Posted by Stefan Sharkansky at March 15, 2006
09:55 AM | Email This
"(Nickels) seems to want to bundle the basic maintenance with big ticket projects like getting the viaduct put into a tunnel," he said. "If we're going to have a levy we should just focus on the maintenance that we need and leave the funding of the viaduct to the state of Washington."
This is an example of the mechanism used in King County to fund roads. While transportation agencies work to hide impacts that would hinder growth and development, using whatever means necessary, huge backlogs in unfunded road projects are created that only the taxpayer can fix. This creates a drain on even the funding necessary for maintenance, as dollars are shifted for critical projects that cannot be avoided.
As long as governments work to shift all road infrastructure costs to the taxpayers, and allow the growth industries to be fully subsidized for those costs, we should be prepared for more and more new taxes to fund roads. If we don't want to fund it, we can work to reform transportation agencies into doing honest analysis, decisiion making bodies into defending the taxpayers from excessive subsidies to the growth industry, or we can await complete gridlock.
Nickels himself failed the test while on the King County Council, in doing absolutely nothing while King County shifted hundreds of millions in unfunded road projects from developers to the taxpayers.
2. How unfortunate that Nickels seems to be trying to loot every other funding source for his tunnel. the basic city road maintenance shouldn't even require special extra taxes. That should just be a part of everyday government doings.
That he seeks special taxes to fix roads just shows how unimportant roads are to him. The city should focus on the basics first. When the city of Sammammish incorporated, they just jumped in and started on roads. No special tax. No need for that. The priorities of the city were straight and on target--just the basics, please.
3. I question the half-Billion figure for infrastructure -- 20 years ago the estimate to upgrade our aging water system was over 1/3 Billion -- I believe that the total package (without the viaduct) to bring Seattle up to code is over 1 Billion -- plus.
4. Perhaps he could just phone up Christine and ask for some of that gas tax money...?
You poor people up in Seattle are just going to be Nickled and dimed to death, aren't you?
MJC, I resemble you comment somewhat.
You, as a long term homeowner are getting screwed, too. But, your home value (and thusly your taxes) are due to inflated home prices partially caused by developer impact fees. No matter what, there is a risk involved for the developer. The cost of that risk will always get passed on to the home buyer. This results in inflated home prices. They "always" get passed on with "profit" for the risk.

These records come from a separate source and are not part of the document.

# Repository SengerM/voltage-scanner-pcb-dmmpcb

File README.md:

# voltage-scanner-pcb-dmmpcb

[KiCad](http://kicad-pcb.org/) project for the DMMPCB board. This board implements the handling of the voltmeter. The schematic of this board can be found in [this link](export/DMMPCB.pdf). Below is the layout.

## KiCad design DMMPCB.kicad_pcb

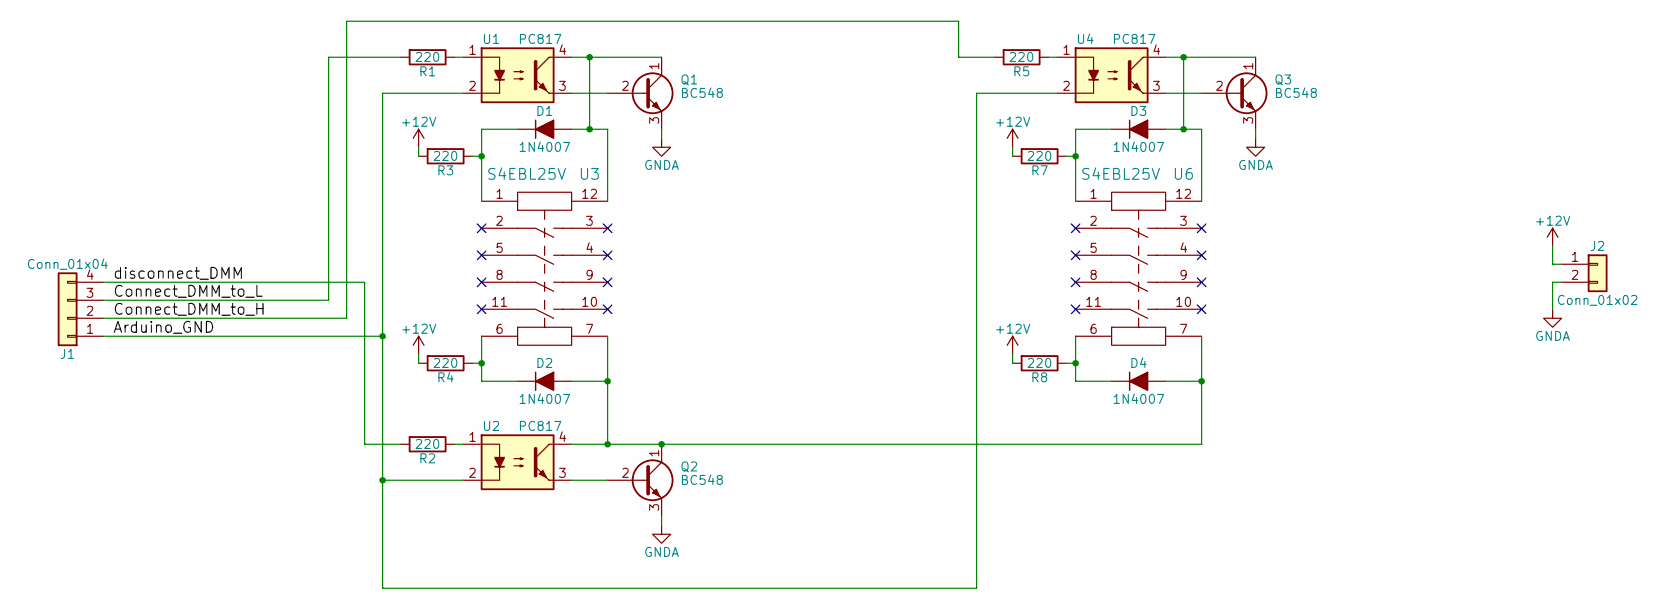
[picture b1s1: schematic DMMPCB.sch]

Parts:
D1, D2, D3, D4: 1N4007; D_SMA-SMB_Universal_Handsoldering
J1: Conn_01x04; Pin_Header_Straight_1x04_Pitch2.54mm
J2: Conn_01x02; Pin_Header_Straight_2x01_Pitch2.54mm
Q1, Q2, Q3: BC548; TO-92_Molded_Narrow_CUSTOM_PADS
R1, R2, R3, R4, R5, R7, R8: 220; R_1206_HandSoldering
U1, U2, U4: PC817; DIP-4_W7.62mm
U3, U6: S4EBL25V

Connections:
+12V: J2.1, R3.2, R4.2, R7.2, R8.2
/Arduino_GND: J1.1, U1.2, U2.2, U4.2
/Connect_DMM_to_H: J1.2, R5.2
/Connect_DMM_to_L: J1.3, R1.2
/disconnect_DMM: J1.4, R2.2
GNDA: J2.2, Q1.3 (E), Q2.3 (E), Q3.3 (E)
unnamed: D1.1 (K), R3.1, U3.1
unnamed: D1.2 (A), Q1.1 (C), U1.4, U3.12
unnamed: D2.1 (K), R4.1, U3.6
unnamed: D2.2 (A), D4.2 (A), Q2.1 (C), U2.4, U3.7, U6.7
unnamed: D3.1 (K), R7.1, U6.1
unnamed: D3.2 (A), Q3.1 (C), U4.4, U6.12
unnamed: D4.1 (K), R8.1, U6.6
unnamed: Q1.2 (B), U1.3
unnamed: Q2.2 (B), U2.3
unnamed: Q3.2 (B), U4.3
unnamed: R1.1, U1.1
unnamed: R2.1, U2.1
unnamed: R5.1, U4.1

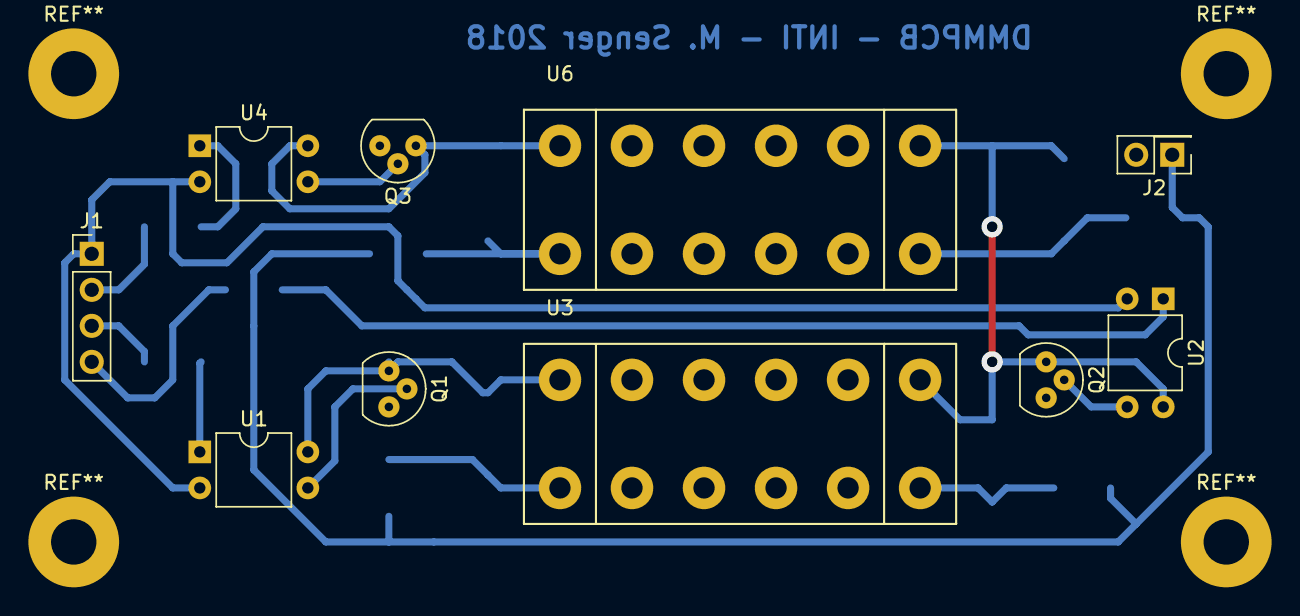
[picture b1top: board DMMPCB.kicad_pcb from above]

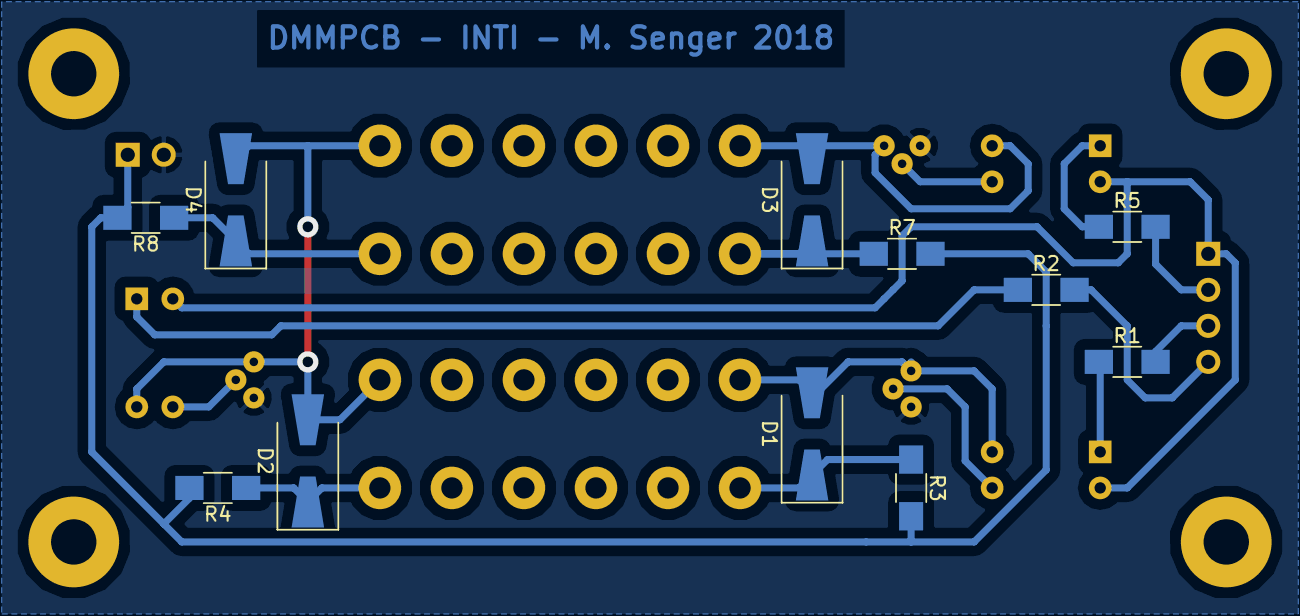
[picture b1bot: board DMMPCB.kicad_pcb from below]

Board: 2 copper layers, 21 parts (11 on the bottom side), 19 nets.

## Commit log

2019-05-23 Added readme

What you are suggesting is to make the inflation even greater by making all the costs upfront.
And your traffic problems aren't caused by the homeowner. If your business would only locate in the suburbs there would be no need for the commute and clogging of the artieries (arterials).
Maybe, the businesses need to pay more for transportation.
You poor people up in Seattle are just going to be Nickled and dimed to death, aren't you?
Posted by pseudotsuga at March 15, 2006 10:33 AM
Pseudotsuga, I have a feeling it won't just be the people of Seattle or King County that will actually be the only ones Nickled and dimed to death. Somehow, the rest of us will be paying for Seattle's problems. That's the typical modus operendi.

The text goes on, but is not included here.